Dirijo-me, pois, ao Sr. Ministro, desejando-lhe as maiores felicidades. O Sr. Ministro não está aqui, mas, provavelmente, estará a ver-nos pela televisão ou terá posto o seu assessor a ver-nos pela televisão, o qual seguramente lhe endereçará estas palavras de simpatia: Sr. Ministro, desejo-lhe todas as felicidades. O Governo confia em si para evitar que a autoridade do Estado pereça em Barrancos juntamente com o touro. A credibilidade do Governo, essa, já não pode ser salva.

Aplausos do PS.

Entretanto, assumiu a presidência o Sr. Vice-Presidente Lino de Carvalho.

O Sr. Presidente: - Inscreveram-se, para pedir esclarecimentos, os Srs. Deputados Telmo Correia e Pedro do Ó Ramos.
Tem a palavra o Sr. Deputado Telmo Correia.

O Sr. Telmo Correia (CDS-PP): - Sr. Presidente, Sr. Deputado Vitalino Canas, gostaria de assinalar que, na sua intervenção, há elementos que me parecem claramente contraditórios e, por isso, não percebi exactamente em que é que ficávamos.

A Sr.ª Maria Celeste Correia (PS): - Então diga!

O Orador: - Vou dizer, Sr.ª Deputada.
É que o Sr. Deputado diz que isto é uma coisa muito grave e muito preocupante, porque municípios por todo o País reivindicam uma tradição igual à de Barrancos. E, depois, citou uma lista, que, penso, era a lista dos municípios com praça de touros - não podia ser outra…

O Sr. João Pinho de Almeida (CDS-PP): - Alijó não tem!

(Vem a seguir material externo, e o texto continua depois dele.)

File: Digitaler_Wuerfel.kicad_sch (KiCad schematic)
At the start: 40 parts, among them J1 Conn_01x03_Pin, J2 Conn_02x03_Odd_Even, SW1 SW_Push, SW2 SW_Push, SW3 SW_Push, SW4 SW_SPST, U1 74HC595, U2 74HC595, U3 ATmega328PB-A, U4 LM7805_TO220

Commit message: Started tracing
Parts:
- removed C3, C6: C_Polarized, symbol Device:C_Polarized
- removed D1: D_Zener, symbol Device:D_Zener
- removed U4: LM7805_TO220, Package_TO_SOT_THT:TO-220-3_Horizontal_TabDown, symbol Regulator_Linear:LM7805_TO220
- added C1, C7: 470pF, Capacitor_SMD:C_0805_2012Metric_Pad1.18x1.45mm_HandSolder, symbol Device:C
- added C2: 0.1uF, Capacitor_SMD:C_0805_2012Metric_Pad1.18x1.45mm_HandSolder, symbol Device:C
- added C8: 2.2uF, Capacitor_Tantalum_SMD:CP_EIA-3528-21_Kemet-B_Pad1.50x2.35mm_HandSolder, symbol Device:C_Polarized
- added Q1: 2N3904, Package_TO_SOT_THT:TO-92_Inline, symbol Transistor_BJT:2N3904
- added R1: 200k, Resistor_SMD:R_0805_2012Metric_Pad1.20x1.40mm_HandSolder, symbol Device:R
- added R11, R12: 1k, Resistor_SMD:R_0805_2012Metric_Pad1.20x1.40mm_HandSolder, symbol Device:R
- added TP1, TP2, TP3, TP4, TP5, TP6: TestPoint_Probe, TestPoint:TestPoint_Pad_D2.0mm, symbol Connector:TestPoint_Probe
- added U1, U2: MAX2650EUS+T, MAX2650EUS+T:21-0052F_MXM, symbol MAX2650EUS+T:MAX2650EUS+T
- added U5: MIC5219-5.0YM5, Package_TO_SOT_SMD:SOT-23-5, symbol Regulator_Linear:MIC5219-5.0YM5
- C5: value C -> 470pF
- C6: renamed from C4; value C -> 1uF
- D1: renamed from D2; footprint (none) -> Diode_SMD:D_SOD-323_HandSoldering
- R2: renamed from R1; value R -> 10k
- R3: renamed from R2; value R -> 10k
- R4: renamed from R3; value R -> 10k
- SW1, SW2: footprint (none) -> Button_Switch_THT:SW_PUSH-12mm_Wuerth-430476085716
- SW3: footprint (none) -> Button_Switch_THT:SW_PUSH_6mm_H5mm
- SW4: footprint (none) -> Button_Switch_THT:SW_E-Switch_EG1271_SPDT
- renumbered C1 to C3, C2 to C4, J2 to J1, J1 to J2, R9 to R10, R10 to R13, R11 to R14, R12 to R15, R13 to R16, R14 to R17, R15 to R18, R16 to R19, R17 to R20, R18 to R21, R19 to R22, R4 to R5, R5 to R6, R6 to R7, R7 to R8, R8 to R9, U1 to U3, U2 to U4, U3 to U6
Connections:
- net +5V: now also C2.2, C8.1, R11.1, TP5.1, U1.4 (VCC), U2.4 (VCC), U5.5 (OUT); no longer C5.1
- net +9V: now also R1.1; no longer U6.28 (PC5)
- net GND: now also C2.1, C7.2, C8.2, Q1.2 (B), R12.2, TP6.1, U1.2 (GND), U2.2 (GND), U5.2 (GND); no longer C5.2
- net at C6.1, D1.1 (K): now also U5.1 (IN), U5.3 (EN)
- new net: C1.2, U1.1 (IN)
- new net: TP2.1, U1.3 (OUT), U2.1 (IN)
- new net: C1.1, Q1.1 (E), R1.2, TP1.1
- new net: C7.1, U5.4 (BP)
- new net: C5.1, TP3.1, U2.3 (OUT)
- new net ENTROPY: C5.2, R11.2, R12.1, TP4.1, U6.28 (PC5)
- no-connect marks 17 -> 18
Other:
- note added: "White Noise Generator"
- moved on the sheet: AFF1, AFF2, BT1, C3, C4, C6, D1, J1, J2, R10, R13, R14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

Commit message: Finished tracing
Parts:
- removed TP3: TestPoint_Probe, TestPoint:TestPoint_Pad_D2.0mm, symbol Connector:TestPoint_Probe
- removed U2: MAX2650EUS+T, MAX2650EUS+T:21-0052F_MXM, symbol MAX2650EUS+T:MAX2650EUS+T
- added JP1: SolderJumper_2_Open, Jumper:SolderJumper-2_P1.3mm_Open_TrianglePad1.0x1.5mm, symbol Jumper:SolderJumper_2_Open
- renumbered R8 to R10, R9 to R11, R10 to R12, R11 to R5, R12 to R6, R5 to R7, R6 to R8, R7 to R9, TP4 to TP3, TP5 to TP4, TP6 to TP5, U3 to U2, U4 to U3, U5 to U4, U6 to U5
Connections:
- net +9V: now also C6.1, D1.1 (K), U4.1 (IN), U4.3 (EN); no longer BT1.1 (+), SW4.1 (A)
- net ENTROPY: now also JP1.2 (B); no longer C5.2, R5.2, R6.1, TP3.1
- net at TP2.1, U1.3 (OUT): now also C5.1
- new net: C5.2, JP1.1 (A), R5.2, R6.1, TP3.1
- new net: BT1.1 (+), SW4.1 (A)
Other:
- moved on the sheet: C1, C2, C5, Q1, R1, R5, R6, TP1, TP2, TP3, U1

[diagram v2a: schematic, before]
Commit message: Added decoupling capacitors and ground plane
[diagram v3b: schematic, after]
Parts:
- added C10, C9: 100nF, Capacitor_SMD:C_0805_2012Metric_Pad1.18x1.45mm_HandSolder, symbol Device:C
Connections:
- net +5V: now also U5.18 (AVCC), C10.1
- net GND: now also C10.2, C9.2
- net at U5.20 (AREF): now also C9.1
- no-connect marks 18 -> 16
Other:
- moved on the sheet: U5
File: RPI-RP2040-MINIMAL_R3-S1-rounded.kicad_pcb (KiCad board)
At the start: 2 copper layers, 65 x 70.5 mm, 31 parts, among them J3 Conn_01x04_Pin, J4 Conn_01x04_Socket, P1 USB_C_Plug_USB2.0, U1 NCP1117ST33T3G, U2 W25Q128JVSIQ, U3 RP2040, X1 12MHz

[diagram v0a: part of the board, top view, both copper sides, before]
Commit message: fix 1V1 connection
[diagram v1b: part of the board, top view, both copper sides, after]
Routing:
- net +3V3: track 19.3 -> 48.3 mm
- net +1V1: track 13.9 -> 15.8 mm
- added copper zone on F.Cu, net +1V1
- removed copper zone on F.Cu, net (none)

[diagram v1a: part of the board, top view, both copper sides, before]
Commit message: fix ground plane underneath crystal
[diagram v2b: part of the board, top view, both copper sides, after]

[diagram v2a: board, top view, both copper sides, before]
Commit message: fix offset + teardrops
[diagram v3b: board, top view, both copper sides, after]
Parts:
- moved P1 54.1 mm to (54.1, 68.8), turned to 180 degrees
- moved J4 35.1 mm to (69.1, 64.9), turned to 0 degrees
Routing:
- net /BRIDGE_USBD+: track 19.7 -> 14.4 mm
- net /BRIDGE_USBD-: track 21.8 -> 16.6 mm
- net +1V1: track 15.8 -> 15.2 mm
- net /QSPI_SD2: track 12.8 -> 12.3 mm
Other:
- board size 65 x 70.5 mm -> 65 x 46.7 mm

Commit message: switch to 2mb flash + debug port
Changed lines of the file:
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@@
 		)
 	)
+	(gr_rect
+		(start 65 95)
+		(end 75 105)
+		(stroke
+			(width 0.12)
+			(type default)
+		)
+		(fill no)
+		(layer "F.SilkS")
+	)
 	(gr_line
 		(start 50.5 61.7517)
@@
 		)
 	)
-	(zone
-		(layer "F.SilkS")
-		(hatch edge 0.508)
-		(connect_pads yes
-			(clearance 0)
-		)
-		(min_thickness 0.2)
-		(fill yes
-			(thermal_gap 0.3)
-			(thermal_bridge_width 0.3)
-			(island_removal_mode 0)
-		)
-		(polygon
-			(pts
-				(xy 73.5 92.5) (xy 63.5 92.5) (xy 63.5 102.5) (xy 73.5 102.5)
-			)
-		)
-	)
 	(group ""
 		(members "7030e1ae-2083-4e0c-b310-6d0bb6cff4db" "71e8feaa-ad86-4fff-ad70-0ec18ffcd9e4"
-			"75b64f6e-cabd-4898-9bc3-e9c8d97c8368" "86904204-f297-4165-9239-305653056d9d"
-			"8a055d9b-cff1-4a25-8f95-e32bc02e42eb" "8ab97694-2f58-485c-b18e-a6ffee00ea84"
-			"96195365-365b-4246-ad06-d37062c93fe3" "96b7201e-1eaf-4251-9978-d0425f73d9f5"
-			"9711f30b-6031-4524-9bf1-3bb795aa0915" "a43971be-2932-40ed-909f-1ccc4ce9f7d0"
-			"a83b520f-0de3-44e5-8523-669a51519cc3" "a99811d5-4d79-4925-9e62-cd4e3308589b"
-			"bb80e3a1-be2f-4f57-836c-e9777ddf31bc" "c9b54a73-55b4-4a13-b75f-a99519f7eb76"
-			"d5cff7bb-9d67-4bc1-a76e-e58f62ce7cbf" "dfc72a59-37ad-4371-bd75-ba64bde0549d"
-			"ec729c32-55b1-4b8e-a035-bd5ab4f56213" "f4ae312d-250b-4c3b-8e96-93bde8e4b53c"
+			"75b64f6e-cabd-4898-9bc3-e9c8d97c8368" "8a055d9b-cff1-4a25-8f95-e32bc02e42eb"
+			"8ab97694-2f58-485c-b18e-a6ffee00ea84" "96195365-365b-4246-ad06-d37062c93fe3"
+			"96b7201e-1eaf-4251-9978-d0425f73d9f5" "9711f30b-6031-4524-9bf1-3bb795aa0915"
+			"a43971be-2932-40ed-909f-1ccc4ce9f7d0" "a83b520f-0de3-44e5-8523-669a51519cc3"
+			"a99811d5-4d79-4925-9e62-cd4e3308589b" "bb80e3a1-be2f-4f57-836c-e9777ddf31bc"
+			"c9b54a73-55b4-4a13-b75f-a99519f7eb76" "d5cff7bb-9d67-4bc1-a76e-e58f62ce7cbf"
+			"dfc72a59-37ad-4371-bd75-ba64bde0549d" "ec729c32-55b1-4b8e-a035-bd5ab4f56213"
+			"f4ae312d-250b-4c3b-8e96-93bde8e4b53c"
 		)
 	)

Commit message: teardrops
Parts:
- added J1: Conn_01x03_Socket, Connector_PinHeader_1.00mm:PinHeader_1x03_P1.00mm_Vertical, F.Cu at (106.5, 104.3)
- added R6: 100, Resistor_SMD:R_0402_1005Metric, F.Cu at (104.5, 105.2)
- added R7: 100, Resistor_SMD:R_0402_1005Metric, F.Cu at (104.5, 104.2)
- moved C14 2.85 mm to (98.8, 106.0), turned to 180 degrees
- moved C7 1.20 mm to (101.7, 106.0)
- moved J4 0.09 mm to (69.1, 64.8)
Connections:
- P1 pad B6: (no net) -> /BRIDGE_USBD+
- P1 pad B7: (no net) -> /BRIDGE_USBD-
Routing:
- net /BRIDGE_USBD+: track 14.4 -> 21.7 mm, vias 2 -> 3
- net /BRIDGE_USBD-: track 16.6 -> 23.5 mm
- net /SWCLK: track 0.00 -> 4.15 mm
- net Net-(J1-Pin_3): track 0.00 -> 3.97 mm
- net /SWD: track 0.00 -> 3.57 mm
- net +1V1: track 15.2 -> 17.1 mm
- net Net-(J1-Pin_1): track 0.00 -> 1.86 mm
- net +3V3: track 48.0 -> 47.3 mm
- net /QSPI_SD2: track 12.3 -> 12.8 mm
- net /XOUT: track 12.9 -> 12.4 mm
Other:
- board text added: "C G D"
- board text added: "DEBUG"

O Orador: - Alijó não tem?! Então, tinha a lista mal elaborada. Mas pareceu-me que era porque, realmente, nunca me apercebi de que, em algum desses municípios, existisse, há pelo menos 50 anos (há quem diga que é há 100), uma festa anual com a participação da população, que inclui uma corrida de touros e em que, no fim, há a morte dos touros. Nunca me apercebi de que em algum desses municípios isso acontecesse e, portanto, achei estranha essa sua invocação.
Ainda mais estranho, Sr. Deputado, porque não se percebe realmente em que é que ficamos, é o seguinte: o Sr. Deputado, por um lado, acha isto muito grave e muito preocupante porque todos esses municípios fazem esse pedido, mas, por outro, pareceu-me criticar que a competência para a autorização fosse efectivamente da Inspecção-Geral das Actividades Culturais, depois de consultados os municípios. É contraditório! O que é que o Sr. Deputado acha? Que deviam ser os municípios a decidir ou que deve ser a Inspecção-Geral a decidir, depois de consultados os municípios? Era bom que o Sr. Deputado desse uma opinião concreta sobre essa matéria, porque, de facto, aí é contraditório.
Em relação às questões de coerência, não vou envolver-me mais nelas, Sr. Deputado. Vou só lembrar-lhe que no Partido Socialista, e estou convencido de que no seu grupo parlamentar, há pessoas que, no passado, assumiram uma posição clara sobre esta matéria e que certamente vão mantê-la. Lembro-lhe que um projecto de lei muito parecido com este era assinado, entre outros, por Manuel Alegre, Alberto Martins, Rui Vieira, Acácio Barreiros e António Galamba, todos eles Deputados do Partido Socialista.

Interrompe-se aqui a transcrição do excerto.